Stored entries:
----
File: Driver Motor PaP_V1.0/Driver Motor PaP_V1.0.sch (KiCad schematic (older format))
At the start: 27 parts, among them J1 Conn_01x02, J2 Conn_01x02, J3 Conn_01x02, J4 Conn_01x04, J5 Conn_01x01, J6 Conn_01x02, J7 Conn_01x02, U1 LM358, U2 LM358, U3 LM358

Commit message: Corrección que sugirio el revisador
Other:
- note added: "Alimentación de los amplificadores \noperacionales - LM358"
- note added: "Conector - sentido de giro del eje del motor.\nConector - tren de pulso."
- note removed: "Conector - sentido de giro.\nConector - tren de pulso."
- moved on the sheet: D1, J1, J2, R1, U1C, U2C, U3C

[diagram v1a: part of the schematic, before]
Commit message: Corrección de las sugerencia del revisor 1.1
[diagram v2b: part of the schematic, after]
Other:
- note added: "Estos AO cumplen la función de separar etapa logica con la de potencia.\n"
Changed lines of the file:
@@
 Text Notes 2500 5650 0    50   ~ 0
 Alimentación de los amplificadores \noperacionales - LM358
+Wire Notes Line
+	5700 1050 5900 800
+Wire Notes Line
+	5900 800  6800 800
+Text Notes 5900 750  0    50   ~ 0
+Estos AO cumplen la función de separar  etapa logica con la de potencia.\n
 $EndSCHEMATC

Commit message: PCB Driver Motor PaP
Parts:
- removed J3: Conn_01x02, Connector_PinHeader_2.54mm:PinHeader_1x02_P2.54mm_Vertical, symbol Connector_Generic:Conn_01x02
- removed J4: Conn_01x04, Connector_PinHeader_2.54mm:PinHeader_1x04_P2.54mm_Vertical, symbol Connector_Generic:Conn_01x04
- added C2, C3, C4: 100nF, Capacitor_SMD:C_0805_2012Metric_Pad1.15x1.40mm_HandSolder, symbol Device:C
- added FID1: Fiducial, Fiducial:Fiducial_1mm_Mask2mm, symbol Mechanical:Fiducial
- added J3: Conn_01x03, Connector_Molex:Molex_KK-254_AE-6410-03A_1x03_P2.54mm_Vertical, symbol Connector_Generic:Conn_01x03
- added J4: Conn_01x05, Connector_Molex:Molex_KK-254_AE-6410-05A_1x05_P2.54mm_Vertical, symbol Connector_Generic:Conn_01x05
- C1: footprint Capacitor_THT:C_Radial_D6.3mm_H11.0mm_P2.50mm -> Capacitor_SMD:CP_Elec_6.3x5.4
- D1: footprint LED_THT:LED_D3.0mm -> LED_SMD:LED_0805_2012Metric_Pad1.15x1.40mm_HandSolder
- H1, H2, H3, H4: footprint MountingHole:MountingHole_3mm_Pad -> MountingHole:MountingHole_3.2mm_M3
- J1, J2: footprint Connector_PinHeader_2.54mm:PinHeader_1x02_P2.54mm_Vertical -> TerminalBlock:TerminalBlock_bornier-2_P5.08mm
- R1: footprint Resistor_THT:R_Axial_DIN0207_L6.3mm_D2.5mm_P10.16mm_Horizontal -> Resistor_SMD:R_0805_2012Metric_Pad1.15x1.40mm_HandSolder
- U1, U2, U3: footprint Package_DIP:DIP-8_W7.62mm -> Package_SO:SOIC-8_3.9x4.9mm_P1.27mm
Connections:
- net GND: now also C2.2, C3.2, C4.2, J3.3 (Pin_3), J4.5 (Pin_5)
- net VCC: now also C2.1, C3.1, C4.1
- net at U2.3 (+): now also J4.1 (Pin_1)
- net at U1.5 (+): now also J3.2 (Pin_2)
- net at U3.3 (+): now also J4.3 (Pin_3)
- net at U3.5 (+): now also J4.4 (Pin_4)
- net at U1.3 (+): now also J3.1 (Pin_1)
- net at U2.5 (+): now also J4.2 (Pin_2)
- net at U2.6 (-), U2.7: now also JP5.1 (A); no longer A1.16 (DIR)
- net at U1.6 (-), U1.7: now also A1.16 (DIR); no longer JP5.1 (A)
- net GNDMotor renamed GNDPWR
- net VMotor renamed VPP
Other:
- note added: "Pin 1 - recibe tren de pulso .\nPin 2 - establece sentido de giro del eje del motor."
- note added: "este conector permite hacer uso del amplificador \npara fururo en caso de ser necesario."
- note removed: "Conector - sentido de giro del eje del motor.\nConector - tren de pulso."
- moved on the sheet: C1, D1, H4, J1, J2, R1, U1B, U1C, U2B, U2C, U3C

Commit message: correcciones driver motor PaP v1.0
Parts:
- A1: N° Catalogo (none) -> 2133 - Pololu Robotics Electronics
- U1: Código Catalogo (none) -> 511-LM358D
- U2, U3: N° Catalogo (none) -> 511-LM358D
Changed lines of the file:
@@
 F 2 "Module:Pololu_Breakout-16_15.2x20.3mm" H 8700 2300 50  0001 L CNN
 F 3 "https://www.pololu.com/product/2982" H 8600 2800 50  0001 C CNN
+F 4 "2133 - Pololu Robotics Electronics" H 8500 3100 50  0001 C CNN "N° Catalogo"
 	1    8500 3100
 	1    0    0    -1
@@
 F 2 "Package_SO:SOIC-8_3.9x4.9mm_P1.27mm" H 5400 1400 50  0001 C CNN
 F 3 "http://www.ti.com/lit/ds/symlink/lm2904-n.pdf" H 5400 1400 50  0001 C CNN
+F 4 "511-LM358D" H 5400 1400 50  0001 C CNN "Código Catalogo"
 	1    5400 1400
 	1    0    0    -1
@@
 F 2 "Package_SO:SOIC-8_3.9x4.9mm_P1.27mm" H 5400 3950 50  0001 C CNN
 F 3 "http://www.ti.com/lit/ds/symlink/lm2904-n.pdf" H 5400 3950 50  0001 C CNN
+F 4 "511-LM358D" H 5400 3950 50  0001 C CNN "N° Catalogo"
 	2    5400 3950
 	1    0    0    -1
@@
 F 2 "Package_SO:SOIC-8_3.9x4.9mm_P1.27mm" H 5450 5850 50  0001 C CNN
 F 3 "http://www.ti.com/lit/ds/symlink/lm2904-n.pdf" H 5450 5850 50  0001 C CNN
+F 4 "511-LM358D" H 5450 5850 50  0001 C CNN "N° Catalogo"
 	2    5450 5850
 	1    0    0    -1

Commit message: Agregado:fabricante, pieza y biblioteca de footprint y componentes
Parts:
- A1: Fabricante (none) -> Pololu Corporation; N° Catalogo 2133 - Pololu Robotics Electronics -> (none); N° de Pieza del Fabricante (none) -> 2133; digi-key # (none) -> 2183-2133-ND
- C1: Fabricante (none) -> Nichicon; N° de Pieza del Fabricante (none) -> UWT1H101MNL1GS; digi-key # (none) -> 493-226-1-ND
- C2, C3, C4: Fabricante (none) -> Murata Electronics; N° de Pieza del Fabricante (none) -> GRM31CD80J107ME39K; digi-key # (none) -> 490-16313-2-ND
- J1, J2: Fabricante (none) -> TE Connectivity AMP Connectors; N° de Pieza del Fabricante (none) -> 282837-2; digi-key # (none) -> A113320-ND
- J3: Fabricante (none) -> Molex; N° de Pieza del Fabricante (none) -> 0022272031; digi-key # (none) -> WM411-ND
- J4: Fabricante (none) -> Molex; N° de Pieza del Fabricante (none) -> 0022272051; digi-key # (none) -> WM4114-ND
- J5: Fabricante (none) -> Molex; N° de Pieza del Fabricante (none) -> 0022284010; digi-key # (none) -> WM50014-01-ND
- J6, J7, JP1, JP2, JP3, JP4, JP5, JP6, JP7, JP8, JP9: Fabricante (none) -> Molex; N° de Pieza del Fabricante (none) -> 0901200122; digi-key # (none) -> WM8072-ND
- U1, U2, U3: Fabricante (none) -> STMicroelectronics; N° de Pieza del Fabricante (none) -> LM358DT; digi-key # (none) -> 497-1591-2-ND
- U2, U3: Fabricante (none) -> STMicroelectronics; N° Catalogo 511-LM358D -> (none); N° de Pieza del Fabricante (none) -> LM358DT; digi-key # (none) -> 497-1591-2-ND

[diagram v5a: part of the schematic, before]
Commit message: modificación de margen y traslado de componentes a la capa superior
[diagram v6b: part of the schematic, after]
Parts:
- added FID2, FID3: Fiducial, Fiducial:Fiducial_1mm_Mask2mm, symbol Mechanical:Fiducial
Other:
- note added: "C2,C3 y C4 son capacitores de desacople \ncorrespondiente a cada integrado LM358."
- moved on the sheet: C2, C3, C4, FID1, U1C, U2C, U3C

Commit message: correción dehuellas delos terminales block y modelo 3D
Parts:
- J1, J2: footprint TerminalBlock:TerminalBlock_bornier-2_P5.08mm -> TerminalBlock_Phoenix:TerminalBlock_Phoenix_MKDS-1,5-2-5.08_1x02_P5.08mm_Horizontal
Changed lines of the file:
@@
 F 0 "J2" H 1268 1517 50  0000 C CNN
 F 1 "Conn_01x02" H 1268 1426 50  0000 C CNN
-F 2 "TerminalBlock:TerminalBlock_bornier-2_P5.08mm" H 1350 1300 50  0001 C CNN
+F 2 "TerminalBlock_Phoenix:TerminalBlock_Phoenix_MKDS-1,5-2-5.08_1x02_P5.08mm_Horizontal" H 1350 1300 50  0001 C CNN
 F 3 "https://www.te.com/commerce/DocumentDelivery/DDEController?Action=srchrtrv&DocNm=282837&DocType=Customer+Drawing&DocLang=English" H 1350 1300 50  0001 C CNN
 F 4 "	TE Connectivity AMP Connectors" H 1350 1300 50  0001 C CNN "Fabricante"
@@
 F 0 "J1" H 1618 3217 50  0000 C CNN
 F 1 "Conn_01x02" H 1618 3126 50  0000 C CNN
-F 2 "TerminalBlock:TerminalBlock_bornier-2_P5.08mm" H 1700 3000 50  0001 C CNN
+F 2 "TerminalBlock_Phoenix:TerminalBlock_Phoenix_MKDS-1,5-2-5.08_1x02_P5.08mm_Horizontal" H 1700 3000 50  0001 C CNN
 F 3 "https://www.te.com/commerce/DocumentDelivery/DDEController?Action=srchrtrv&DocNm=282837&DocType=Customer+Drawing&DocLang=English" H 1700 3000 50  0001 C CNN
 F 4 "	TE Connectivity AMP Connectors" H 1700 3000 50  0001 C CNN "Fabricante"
----
**What this task involves**
Which lines above contain the word "removed"? Show each of them.

**Solution for this exercise**
- note removed: "Conector - sentido de giro.\nConector - tren de pulso."
- removed J3: Conn_01x02, Connector_PinHeader_2.54mm:PinHeader_1x02_P2.54mm_Vertical, symbol Connector_Generic:Conn_01x02
- removed J4: Conn_01x04, Connector_PinHeader_2.54mm:PinHeader_1x04_P2.54mm_Vertical, symbol Connector_Generic:Conn_01x04
- note removed: "Conector - sentido de giro del eje del motor.\nConector - tren de pulso."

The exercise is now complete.